Écrit par Lepetitjournal Sao Paulo
Publié le 1 janvier 1970, mis à jour le 16 octobre 2013

Mardi dernier, la ville de São Paulo commémorait le jour du Nordestin*. Souvent raillé, dévalorisé, il représente l'un des principaux contingents de la capitale pauliste. Entre clichés réducteurs et triste réalité, Jovelina Carvalho, étudiante nordestine à l'Université de São Paulo, nous aide à décrypter cette situation.

Lepetitjournal.com - Comment expliquez-vous ce dédain pour les Nordestins ?
Jovelina - L'urbanisation du Brésil a commencé ici, à São Paulo. Il a donc fallu beaucoup de main-d'oeuvre bon marché pour développer cette ville. A partir de cette période, les Nordestins ont commencé à migrer ici pour trouver du travail. (ndlr : vers 1940)

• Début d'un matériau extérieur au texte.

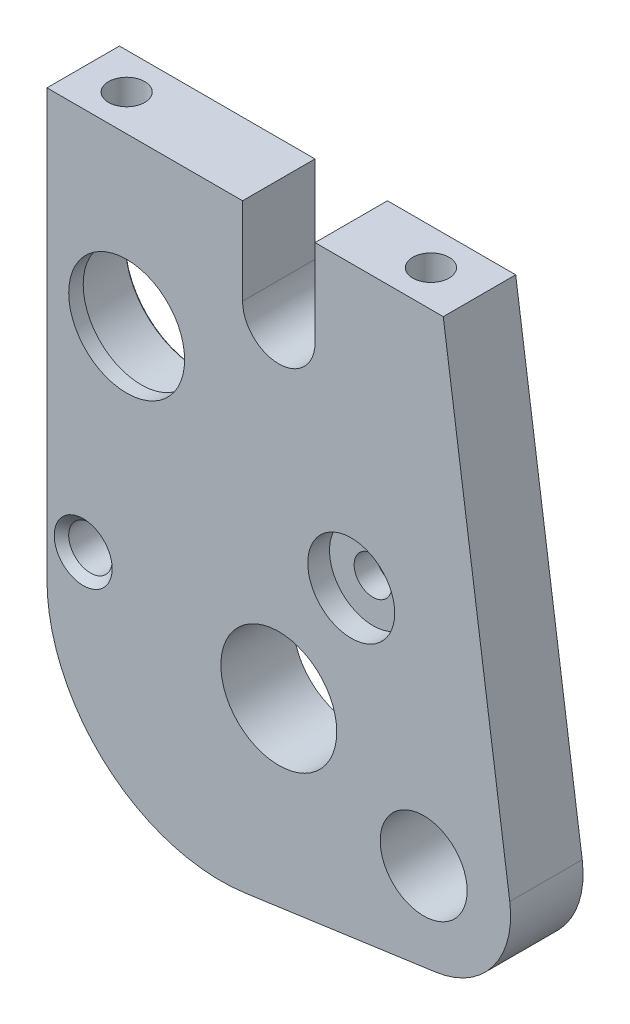
from build123d import *

# Parameters (mm, degrees)
SKETCH_1_W                = 34
SKETCH_1_H                = 39.5
EXTRUDE_1_DEPTH           = 5
FILLET_1_R                = 12
SKETCH_2_R                = 3
CUT_EXTRUDE_2_DEPTH       = 5
SKETCH_3_R                = 4
CUT_EXTRUDE_3_DEPTH       = 5
SKETCH_4_R                = 5
CUT_EXTRUDE_4_DEPTH       = 4
CUT_EXTRUDE_5_DEPTH       = 10
EXTRUDE1_START            = -5
EXTRUDE1_DEPTH            = 5
SKETCH_8_R                = 1.5
CUT_EXTRUDE_6_DEPTH       = 4.5
SKETCH9_R                 = 0.5
EXTRUDE5_DEPTH            = 53.525447848
CUT_EXTRUDE_7_DEPTH       = 0.5
SKETCH_13_R               = 4
CUT_EXTRUDE_8_DEPTH       = 10
SKETCH2_W                 = 6
SKETCH2_H                 = 7
EXTRUDE2_DEPTH            = 2
HOLE_WIZARD_1_D           = 2.6
HOLE_WIZARD_1_CBORE_D     = 6
HOLE_WIZARD_1_CBORE_DEPTH = 1.5
SKETCH7_R                 = 1.5
EXTRUDE3_DEPTH            = 2
EXTRUDE4_DEPTH            = 53.570644581
SKETCH10_R                = 1.5
EXTRUDE6_DEPTH            = 10
CHAMFER_5_SIZE            = 0.1
SKETCH_22_R               = 1.5
EXTRUDE_1_2_DEPTH         = 5
CHAMFER_6_SIZE            = 0.5
SKETCH_5_R                = 1.25
CUT_EXTRUDE_1_DEPTH       = 6


with BuildPart() as part:
    # 草图1 → Extrude 1 (new body)
    with BuildSketch(Plane.XY):
        with Locations((17, -19.75)):
            Rectangle(SKETCH_1_W, SKETCH_1_H)
    extrude(amount=EXTRUDE_1_DEPTH)

    # 圆角1
    fillet_1_edges = [part.edges().sort_by_distance(p)[0] for p in [
        (0, -39.5, 2.5),
    ]]
    fillet(fillet_1_edges, radius=FILLET_1_R)

    # 草图2 → 拉伸2 (cut)
    with BuildSketch(Plane.XY.offset(5)):
        with Locations((26, -33.5)):
            Circle(SKETCH_2_R)
    extrude(amount=-CUT_EXTRUDE_2_DEPTH, mode=Mode.SUBTRACT)

    # 草图3 → 拉伸3 (cut)
    with BuildSketch(Plane(origin=(0, 0, 0), x_dir=(-1, 0, 0), z_dir=(0, 0, -1))):
        with Locations((-5.5, -11.5)):
            Circle(SKETCH_3_R)
    extrude(amount=-CUT_EXTRUDE_3_DEPTH, mode=Mode.SUBTRACT)

    # 草图4 → 拉伸4 (cut)
    with BuildSketch(Plane(origin=(0, 0, 0), x_dir=(-1, 0, 0), z_dir=(0, 0, -1))):
        with Locations((-5.5, -11.5)):
            Circle(SKETCH_4_R)
    extrude(amount=-CUT_EXTRUDE_4_DEPTH, mode=Mode.SUBTRACT)

    # 草图7 → 拉伸5 (cut)
    with BuildSketch(Plane(origin=(0, 0, 0), x_dir=(-1, 0, 0), z_dir=(0, 0, -1))):
        with BuildLine():
            Line((-26, -39.5), (-34, -39.5))
            Line((-34, -39.5), (-34, 0))
            Line((-34, 0), (-27.350847473, 0))
            Line((-27.350847473, 0), (-31.941608412, -32.664961394))
            ThreePointArc((-31.941608412, -32.664961394), (-30.528257481, -37.436354174), (-26, -39.5))
        make_face()
    extrude(amount=-CUT_EXTRUDE_5_DEPTH, mode=Mode.SUBTRACT)

    # Sketch1 → Extrude1 (add)
    with BuildSketch(Plane.XY.offset(5).offset(EXTRUDE1_START)):
        with BuildLine():
            Line((26.835038606, -39.441608412), (13.670077212, -41.291823076))
            ThreePointArc((13.670077212, -41.291823076), (4.127291652, -38.465121213), (0, -29.408606251))
            Line((0, -29.408606251), (0, -26.519790857))
            Line((0, -26.519790857), (29.441458618, -38.414912266))
            ThreePointArc((29.441458618, -38.414912266), (28.19900736, -39.082505408), (26.835038606, -39.441608412))
        make_face()
    extrude(amount=EXTRUDE1_DEPTH)

    # 草图8 → 拉伸6 (cut)
    with BuildSketch(Plane.XY.offset(5)):
        with Locations((2.5, -26.5)):
            Circle(SKETCH_8_R)
    extrude(amount=-CUT_EXTRUDE_6_DEPTH, mode=Mode.SUBTRACT)

    # Sketch9 → Extrude5 (cut, through all)
    with BuildSketch(Plane.XY.offset(0.5)):
        with Locations((1.5, -26.5)):
            Circle(SKETCH9_R)
    extrude(amount=-EXTRUDE5_DEPTH, mode=Mode.SUBTRACT)

    # 草图9 → 拉伸7 (cut)
    with BuildSketch(Plane.XY.offset(5)):
        with BuildLine():
            Line((0.25, -26.5), (0.25, -22.5))
            ThreePointArc((0.25, -22.5), (2.5, -20.25), (4.75, -22.5))
            Line((4.75, -22.5), (4.75, -26.5))
            ThreePointArc((4.75, -26.5), (2.5, -28.75), (0.25, -26.5))
        make_face()
    extrude(amount=-CUT_EXTRUDE_7_DEPTH, mode=Mode.SUBTRACT)

    # 草图13 → 拉伸8 (cut)
    with BuildSketch(Plane.XY.offset(5)):
        with Locations((16, -28.5)):
            Circle(SKETCH_13_R)
    extrude(amount=-CUT_EXTRUDE_8_DEPTH, mode=Mode.SUBTRACT)

    # Sketch2 → Extrude2 (cut)
    with BuildSketch(Plane(origin=(0, 0, 0), x_dir=(-1, 0, 0), z_dir=(0, 0, -1))):
        with Locations((-21, -18.4)):
            Rectangle(SKETCH2_W, SKETCH2_H)
    extrude(amount=-EXTRUDE2_DEPTH, mode=Mode.SUBTRACT)

    # 打孔尺寸(%根据)内六角圆柱头螺钉的类型1 (through all)
    with Locations(Plane(origin=(21, -19.4, 5), x_dir=(1, 0, 0), z_dir=(0, 0, 1))):
        with Locations((0, 0)):
            CounterBoreHole(HOLE_WIZARD_1_D / 2, HOLE_WIZARD_1_CBORE_D / 2, HOLE_WIZARD_1_CBORE_DEPTH)

    # Sketch7 → Extrude3 (cut)
    with BuildSketch(Plane(origin=(0, 0, 0), x_dir=(-1, 0, 0), z_dir=(0, 0, -1))):
        with Locations((-24, -16.4)):
            Circle(SKETCH7_R)
        with Locations((-18, -16.4)):
            Circle(SKETCH7_R)
        with Locations((-24, -20.4)):
            Circle(SKETCH7_R)
        with Locations((-18, -20.4)):
            Circle(SKETCH7_R)
    extrude(amount=-EXTRUDE3_DEPTH, mode=Mode.SUBTRACT)

    # Sketch8 → Extrude4 (cut, through all)
    with BuildSketch(Plane(origin=(0, 0, 0), x_dir=(-1, 0, 0), z_dir=(0, 0, -1))):
        with BuildLine():
            Line((-13.5, -6), (-13.5, 0))
            Line((-13.5, 0), (-18.5, 0))
            Line((-18.5, 0), (-18.5, -6))
            ThreePointArc((-18.5, -6), (-16, -8.5), (-13.5, -6))
        make_face()
    extrude(amount=-EXTRUDE4_DEPTH, mode=Mode.SUBTRACT)

    # Sketch10 → Extrude6 (cut)
    with BuildSketch(Plane.XY.offset(4.5)):
        with Locations((2.5, -26.5)):
            Circle(SKETCH10_R)
    extrude(amount=-EXTRUDE6_DEPTH, mode=Mode.SUBTRACT)

    # 倒角5
    chamfer_5_edges = [part.edges().sort_by_distance(p)[0] for p in [
        (10.5, -11.5, 0),
    ]]
    chamfer(chamfer_5_edges, length=CHAMFER_5_SIZE)

    # 草图22 → Extrude 1 2 (add)
    with BuildSketch(Plane.XY.offset(5)):
        with BuildLine():
            Line((4.75, -26.5), (4.75, -22.5))
            ThreePointArc((4.75, -22.5), (2.5, -20.25), (0.25, -22.5))
            Line((0.25, -22.5), (0.25, -26.5))
            ThreePointArc((0.25, -26.5), (2.5, -28.75), (4.75, -26.5))
        make_face()
        with Locations((2.5, -26.5)):
            Circle(SKETCH_22_R, mode=Mode.SUBTRACT)
    extrude(amount=-EXTRUDE_1_2_DEPTH)

    # 倒角6
    chamfer_6_edges = [part.edges().sort_by_distance(p)[0] for p in [
        (1, -26.5, 5),
    ]]
    chamfer(chamfer_6_edges, length=CHAMFER_6_SIZE)

    # 草图5 → 切除-拉伸1 (cut)
    with BuildSketch(Plane(origin=(0, 0, 0), x_dir=(1, 0, 0), z_dir=(0, 1, 0))):
        with Locations(Location((24, -2.5, 0), (0, 0, 270))):
            Circle(SKETCH_5_R)
        with Locations(Location((3, -2.5, 0), (0, 0, 270))):
            Circle(SKETCH_5_R)
    extrude(amount=-CUT_EXTRUDE_1_DEPTH, mode=Mode.SUBTRACT)


solid = part.part
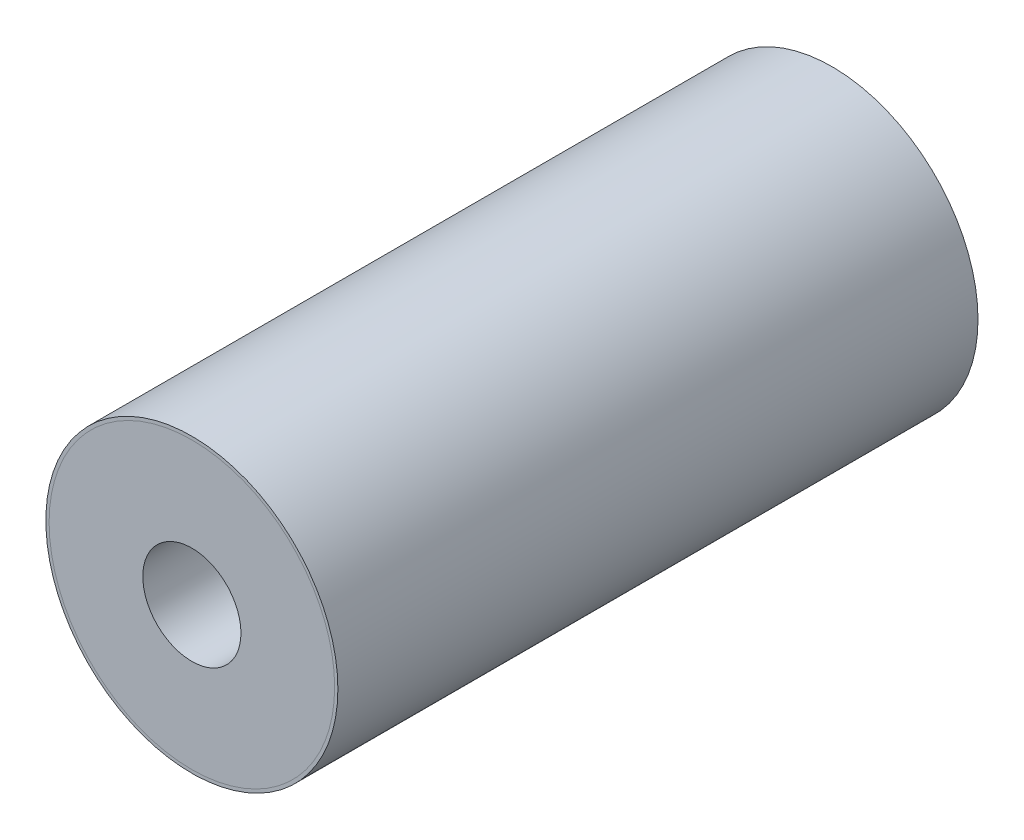
from build123d import *

# Parameters (mm, degrees)
SKETCH1_R           = 16.5481
SKETCH1_R_2         = 16.1798
BOSS_EXTRUDE1_DEPTH = 72.5424
SKETCH2_R           = 16.1798
BOSS_EXTRUDE2_DEPTH = 72.5424
SKETCH4_W           = 5.5626
SKETCH4_H           = 72.5424


with BuildPart() as part:
    # Sketch1 → Boss-Extrude1 (new body)
    with BuildSketch(Plane.XY):
        Circle(SKETCH1_R)
        Circle(SKETCH1_R_2, mode=Mode.SUBTRACT)
    extrude(amount=BOSS_EXTRUDE1_DEPTH)


with BuildPart() as body_2:
    # Sketch2 → Boss-Extrude2 (new body)
    with BuildSketch(Plane.XY):
        Circle(SKETCH2_R)
    extrude(amount=BOSS_EXTRUDE2_DEPTH)

    # Sketch4 → 7/16 (0.438) Diameter Hole1 (revolve, cut)
    with BuildSketch(Plane(origin=(0, 0, 72.5424), x_dir=(0, -1, 0), z_dir=(1, 0, 0))):
        with Locations((2.7813, 36.2712)):
            Rectangle(SKETCH4_W, SKETCH4_H)
    revolve(axis=Axis((0, 0, 78.8924), (0, 0, -1)), mode=Mode.SUBTRACT)


solid = Compound([part.part, body_2.part])

Le problème, c'est que la culture nordestine est très différente de la culture pauliste. São Paulo a subi l'influence étrangère, d'autant plus avec la globalisation, au contraire du Nordeste qui est resté beaucoup plus traditionnel. Comme le peuple nordestin est associé à cette main-d'oeuvre pas chère, sa culture a été dévalorisée.

C'est quelque chose qui vous fait souffrir ?
Comme je suis venue ici pour étudier, les gens ne me traitent pas de la même manière. Grâce à mon statut d'étudiant et mon bagage intellectuel, je n'ai jamais ressenti ces préjugés. Les gens trouvent même ma façon de parler mignonne ! Ils me demandent pourquoi je suis partie d'un endroit aussi sympa.

Mais notre image a un peu évolué ces derniers temps. La réussite des étudiants Cearenses* au concours d'entrée à l'Institut Technologique d'Aéronautique de l'Etat de São Paulo ? l'un des plus sélectifs du pays - y a contribué notamment.



Cette réussite vient-elle d'une volonté de s'affranchir de cette réputation selon vous ?
Je pense, oui. Ma famille n'était pas riche, mon père travaillait dans le bâtiment et ma mère était mère au foyer. Donc ils ont toujours voulu que je fasse des études pour que je ne reproduise pas le même schéma qu'eux. Ma mère a toujours été derrière moi et a financé mes études, comme beaucoup de familles là-bas. Dans les lycées, il y a une concurrence terrible. Par exemple, deux établissements se sont "battus" pour accueillir un de mes amis, ils proposaient même de lui offrir les repas du midi et même de l'argent !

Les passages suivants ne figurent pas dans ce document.